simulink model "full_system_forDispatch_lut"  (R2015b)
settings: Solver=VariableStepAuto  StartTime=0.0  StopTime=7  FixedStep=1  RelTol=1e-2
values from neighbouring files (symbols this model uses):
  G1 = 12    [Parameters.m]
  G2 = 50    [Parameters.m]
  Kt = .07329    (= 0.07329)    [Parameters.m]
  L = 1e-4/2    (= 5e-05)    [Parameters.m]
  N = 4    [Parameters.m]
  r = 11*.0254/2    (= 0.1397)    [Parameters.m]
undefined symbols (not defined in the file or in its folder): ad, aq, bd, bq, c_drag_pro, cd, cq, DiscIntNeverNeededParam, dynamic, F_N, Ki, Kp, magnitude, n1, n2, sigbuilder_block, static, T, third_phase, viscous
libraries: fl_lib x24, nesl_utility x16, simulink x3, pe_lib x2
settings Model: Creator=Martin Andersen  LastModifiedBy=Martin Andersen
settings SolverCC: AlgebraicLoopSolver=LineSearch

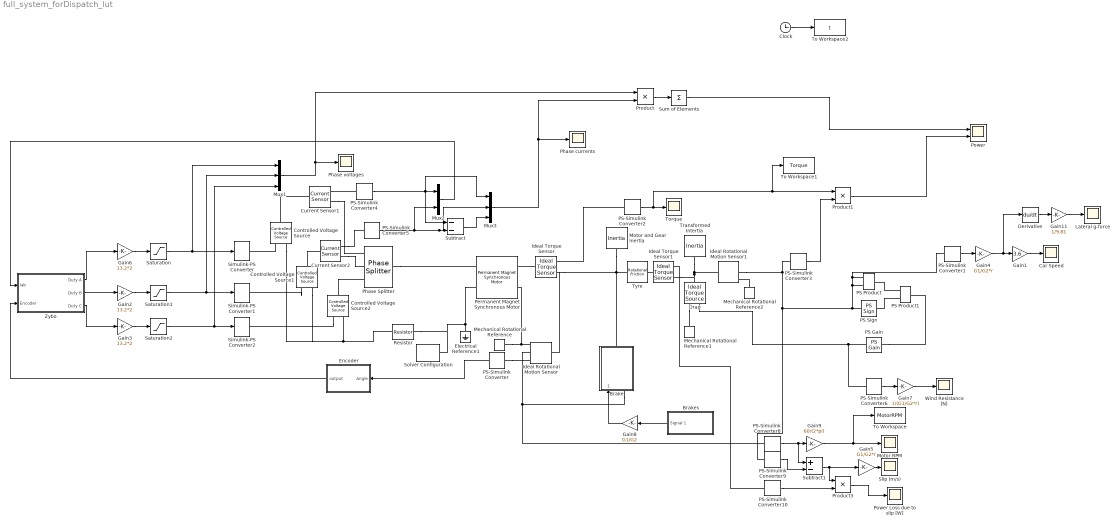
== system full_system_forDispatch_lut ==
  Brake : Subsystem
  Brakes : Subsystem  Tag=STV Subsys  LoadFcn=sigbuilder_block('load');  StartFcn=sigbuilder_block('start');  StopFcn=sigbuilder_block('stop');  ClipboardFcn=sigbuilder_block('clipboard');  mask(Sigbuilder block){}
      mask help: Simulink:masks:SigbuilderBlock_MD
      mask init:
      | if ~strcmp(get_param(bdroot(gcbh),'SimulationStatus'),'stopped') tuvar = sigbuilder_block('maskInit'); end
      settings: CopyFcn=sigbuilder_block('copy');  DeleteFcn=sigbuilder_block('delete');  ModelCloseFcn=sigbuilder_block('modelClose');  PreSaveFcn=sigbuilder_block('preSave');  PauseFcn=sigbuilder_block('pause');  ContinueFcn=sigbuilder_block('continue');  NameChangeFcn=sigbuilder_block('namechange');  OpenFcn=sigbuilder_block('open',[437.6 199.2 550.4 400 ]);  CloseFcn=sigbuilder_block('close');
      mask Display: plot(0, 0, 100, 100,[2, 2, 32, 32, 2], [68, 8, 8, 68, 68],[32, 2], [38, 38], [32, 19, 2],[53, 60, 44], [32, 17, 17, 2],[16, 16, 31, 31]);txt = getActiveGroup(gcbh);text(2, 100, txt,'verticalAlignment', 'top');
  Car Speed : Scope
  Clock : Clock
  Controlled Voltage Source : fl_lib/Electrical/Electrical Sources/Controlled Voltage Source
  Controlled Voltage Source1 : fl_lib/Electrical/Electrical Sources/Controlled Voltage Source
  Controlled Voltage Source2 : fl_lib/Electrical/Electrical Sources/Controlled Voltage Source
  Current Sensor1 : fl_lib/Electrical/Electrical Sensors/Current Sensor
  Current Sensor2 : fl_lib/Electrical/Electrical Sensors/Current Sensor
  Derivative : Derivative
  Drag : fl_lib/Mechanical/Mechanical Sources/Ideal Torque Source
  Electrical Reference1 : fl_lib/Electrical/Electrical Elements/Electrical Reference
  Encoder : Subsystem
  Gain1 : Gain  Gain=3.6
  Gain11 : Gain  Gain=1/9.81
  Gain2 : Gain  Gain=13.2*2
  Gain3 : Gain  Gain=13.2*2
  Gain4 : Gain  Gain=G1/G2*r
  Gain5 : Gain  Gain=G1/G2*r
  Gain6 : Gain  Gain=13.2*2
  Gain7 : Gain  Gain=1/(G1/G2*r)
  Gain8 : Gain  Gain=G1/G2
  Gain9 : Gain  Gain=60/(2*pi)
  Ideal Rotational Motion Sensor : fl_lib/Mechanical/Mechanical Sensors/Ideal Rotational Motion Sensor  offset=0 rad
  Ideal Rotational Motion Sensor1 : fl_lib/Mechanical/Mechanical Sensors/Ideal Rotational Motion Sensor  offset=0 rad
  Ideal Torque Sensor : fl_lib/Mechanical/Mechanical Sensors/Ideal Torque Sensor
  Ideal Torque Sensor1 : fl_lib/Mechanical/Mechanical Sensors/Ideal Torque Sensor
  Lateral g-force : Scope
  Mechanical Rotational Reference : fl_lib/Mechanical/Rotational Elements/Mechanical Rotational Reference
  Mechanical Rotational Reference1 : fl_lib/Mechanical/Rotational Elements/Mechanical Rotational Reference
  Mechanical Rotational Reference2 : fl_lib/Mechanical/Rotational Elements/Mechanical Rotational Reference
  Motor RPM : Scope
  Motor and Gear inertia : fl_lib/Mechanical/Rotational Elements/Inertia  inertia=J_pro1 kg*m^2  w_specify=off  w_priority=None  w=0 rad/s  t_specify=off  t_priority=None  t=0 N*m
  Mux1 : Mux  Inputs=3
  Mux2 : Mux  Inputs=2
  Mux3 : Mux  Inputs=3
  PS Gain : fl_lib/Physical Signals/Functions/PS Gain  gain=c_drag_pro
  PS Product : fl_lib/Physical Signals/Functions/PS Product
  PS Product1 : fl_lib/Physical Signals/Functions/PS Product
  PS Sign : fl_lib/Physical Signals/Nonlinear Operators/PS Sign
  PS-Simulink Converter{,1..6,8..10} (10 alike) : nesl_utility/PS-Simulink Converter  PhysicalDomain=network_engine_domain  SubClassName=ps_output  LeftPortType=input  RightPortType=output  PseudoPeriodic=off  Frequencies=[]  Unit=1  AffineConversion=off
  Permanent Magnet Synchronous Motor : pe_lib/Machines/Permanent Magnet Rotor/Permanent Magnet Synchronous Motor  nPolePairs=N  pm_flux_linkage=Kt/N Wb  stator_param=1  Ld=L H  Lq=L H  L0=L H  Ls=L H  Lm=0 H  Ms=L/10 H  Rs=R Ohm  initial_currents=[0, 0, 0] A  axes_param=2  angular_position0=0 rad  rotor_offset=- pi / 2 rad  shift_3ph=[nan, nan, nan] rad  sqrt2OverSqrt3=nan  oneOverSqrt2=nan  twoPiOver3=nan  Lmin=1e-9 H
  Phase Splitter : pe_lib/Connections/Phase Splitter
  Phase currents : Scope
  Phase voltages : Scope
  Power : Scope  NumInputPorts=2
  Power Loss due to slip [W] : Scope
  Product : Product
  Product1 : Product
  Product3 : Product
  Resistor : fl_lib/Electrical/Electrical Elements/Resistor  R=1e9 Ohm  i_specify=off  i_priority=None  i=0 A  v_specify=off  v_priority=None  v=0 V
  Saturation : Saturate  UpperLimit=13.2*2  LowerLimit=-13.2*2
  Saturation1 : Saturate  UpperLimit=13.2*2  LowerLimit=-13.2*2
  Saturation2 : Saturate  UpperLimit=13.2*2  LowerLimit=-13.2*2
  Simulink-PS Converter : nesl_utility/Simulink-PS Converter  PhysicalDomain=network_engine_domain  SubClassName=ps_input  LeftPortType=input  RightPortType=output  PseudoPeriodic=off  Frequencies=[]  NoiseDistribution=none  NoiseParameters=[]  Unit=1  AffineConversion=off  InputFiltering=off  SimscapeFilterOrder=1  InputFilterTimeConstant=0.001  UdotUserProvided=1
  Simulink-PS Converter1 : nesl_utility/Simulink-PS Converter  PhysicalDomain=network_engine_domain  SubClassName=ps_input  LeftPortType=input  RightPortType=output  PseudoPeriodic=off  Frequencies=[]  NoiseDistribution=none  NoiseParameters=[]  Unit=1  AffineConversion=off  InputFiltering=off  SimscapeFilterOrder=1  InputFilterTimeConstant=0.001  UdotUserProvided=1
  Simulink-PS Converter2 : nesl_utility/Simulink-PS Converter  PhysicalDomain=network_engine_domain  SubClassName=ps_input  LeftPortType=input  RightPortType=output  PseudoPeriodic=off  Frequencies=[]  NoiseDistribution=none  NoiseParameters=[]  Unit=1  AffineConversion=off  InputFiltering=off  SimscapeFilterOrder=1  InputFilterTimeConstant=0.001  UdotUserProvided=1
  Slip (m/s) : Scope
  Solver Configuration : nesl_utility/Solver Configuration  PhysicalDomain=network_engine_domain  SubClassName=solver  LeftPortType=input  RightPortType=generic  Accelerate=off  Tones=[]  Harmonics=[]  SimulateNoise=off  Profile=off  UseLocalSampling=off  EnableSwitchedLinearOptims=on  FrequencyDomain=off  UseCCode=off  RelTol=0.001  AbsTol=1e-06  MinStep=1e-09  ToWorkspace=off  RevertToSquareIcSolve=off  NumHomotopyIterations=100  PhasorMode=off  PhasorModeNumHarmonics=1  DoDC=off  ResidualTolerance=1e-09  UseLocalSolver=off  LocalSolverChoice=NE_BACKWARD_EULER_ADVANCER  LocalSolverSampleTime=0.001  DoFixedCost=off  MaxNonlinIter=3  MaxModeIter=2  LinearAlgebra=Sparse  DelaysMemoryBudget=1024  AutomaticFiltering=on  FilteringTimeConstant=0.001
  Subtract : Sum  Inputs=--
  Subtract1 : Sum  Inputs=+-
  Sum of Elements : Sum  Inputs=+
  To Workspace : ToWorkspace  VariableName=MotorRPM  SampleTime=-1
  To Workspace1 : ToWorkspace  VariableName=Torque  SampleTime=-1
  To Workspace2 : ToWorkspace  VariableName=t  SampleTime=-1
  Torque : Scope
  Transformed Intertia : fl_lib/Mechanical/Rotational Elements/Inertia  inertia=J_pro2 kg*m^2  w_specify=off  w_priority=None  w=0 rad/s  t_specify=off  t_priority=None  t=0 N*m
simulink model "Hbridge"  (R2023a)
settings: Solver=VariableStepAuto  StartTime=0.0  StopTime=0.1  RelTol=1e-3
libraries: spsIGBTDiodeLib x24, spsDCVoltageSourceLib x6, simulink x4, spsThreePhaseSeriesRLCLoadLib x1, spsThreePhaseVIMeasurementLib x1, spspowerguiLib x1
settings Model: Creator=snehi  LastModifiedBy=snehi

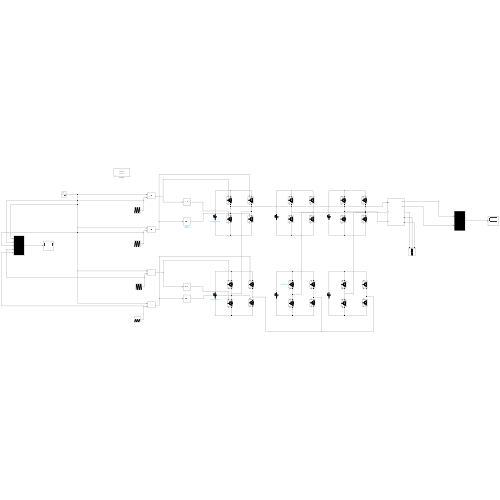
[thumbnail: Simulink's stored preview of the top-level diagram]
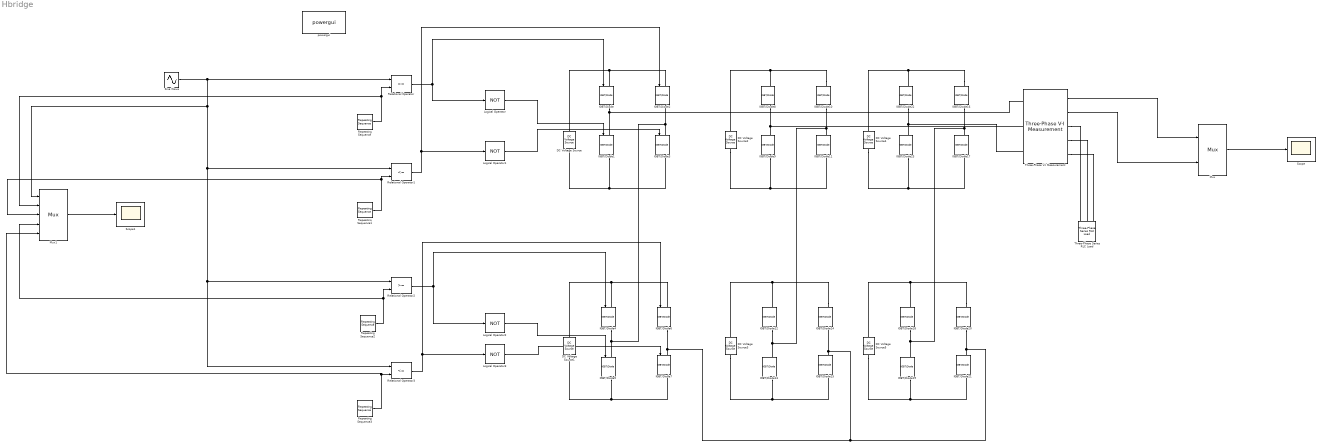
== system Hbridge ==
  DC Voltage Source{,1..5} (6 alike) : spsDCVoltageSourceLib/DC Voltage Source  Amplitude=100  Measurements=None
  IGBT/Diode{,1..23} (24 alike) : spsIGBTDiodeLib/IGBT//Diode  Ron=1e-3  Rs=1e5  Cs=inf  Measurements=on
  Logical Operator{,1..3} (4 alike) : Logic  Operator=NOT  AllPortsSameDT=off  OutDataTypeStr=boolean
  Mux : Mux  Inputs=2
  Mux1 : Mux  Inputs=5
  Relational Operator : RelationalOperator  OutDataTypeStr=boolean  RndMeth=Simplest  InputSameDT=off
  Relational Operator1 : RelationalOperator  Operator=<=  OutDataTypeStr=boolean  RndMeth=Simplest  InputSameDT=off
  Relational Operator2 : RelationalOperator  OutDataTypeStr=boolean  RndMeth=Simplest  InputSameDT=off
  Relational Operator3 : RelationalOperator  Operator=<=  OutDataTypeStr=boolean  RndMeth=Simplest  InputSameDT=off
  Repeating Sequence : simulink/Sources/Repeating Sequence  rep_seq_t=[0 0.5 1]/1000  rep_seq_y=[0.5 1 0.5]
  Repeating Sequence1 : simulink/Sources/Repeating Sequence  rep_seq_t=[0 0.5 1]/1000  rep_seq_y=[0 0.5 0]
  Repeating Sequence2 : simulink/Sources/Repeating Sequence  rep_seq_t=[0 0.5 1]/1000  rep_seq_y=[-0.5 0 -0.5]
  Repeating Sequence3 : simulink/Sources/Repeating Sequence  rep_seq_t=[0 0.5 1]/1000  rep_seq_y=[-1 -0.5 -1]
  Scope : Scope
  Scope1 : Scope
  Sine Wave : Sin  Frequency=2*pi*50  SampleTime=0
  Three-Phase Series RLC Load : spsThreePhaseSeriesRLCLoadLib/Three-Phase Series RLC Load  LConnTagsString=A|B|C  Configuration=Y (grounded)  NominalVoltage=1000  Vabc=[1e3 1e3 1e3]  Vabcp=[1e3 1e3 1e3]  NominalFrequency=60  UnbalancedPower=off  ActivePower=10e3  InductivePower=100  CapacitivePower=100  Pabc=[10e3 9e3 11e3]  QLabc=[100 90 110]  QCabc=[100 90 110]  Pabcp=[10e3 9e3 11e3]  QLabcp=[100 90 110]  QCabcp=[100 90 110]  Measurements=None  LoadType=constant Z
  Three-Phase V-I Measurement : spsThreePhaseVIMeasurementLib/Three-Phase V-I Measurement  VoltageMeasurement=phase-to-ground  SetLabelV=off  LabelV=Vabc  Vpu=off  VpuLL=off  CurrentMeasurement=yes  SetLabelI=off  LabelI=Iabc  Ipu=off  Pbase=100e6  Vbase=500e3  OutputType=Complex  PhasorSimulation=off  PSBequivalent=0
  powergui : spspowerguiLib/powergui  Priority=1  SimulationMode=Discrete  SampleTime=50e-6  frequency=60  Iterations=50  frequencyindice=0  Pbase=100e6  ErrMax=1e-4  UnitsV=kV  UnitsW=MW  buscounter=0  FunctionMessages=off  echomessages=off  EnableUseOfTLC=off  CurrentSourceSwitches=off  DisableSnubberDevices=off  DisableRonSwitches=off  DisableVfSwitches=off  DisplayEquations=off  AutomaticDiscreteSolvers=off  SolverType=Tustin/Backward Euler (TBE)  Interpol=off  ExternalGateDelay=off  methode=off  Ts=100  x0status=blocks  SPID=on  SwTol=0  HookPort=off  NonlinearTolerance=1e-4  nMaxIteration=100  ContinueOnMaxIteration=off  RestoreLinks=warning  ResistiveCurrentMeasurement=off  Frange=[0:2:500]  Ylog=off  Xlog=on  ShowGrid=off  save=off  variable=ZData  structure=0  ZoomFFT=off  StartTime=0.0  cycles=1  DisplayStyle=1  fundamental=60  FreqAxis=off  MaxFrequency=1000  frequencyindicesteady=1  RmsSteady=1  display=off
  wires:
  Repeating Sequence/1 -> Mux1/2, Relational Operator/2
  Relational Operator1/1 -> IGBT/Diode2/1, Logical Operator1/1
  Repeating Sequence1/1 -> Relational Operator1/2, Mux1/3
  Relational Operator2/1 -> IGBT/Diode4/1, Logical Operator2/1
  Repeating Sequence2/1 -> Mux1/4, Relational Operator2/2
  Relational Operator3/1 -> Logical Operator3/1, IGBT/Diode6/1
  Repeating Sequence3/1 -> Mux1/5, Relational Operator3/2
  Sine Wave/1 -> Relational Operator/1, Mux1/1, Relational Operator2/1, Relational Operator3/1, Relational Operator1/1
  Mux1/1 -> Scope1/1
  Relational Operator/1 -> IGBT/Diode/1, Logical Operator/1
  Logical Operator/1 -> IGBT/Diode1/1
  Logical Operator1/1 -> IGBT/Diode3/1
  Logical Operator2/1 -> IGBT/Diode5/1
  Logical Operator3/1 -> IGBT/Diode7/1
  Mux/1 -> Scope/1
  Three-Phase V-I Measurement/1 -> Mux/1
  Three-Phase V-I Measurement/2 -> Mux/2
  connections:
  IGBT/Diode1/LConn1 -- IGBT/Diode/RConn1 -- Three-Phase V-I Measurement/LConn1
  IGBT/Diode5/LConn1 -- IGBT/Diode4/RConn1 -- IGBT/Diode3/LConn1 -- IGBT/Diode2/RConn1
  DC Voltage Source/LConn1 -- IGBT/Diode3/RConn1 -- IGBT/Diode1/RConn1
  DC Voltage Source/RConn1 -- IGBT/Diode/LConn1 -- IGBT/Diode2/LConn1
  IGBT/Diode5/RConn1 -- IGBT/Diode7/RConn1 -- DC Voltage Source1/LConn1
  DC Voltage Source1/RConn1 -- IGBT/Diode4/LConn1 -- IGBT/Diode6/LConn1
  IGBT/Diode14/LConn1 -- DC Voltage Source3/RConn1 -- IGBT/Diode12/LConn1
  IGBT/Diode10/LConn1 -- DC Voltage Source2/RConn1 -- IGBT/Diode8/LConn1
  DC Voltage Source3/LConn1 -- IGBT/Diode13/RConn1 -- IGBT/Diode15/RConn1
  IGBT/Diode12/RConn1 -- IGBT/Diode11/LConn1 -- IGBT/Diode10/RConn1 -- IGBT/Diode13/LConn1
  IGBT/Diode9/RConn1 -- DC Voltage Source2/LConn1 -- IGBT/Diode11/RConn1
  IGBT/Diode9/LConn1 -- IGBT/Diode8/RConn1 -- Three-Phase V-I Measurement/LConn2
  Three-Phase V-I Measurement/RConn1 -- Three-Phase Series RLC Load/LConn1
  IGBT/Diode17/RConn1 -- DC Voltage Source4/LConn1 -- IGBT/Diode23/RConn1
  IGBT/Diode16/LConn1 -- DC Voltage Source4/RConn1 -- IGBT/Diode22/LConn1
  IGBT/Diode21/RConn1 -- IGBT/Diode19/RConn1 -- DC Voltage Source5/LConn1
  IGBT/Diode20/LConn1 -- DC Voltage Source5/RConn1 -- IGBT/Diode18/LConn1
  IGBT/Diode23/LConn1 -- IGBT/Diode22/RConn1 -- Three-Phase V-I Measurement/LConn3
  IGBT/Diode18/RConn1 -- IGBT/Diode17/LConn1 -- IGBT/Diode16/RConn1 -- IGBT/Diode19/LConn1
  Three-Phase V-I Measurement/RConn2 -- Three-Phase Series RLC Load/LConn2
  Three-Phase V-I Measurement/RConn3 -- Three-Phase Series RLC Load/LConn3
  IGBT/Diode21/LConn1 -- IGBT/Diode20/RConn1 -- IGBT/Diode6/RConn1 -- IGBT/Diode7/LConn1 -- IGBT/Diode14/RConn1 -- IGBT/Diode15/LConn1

● ● ● ●

→ Your objective
Say how many lines of the entries hold the string "OutDataTypeStr". Nothing but the number should be given.

→ Solution for this task
5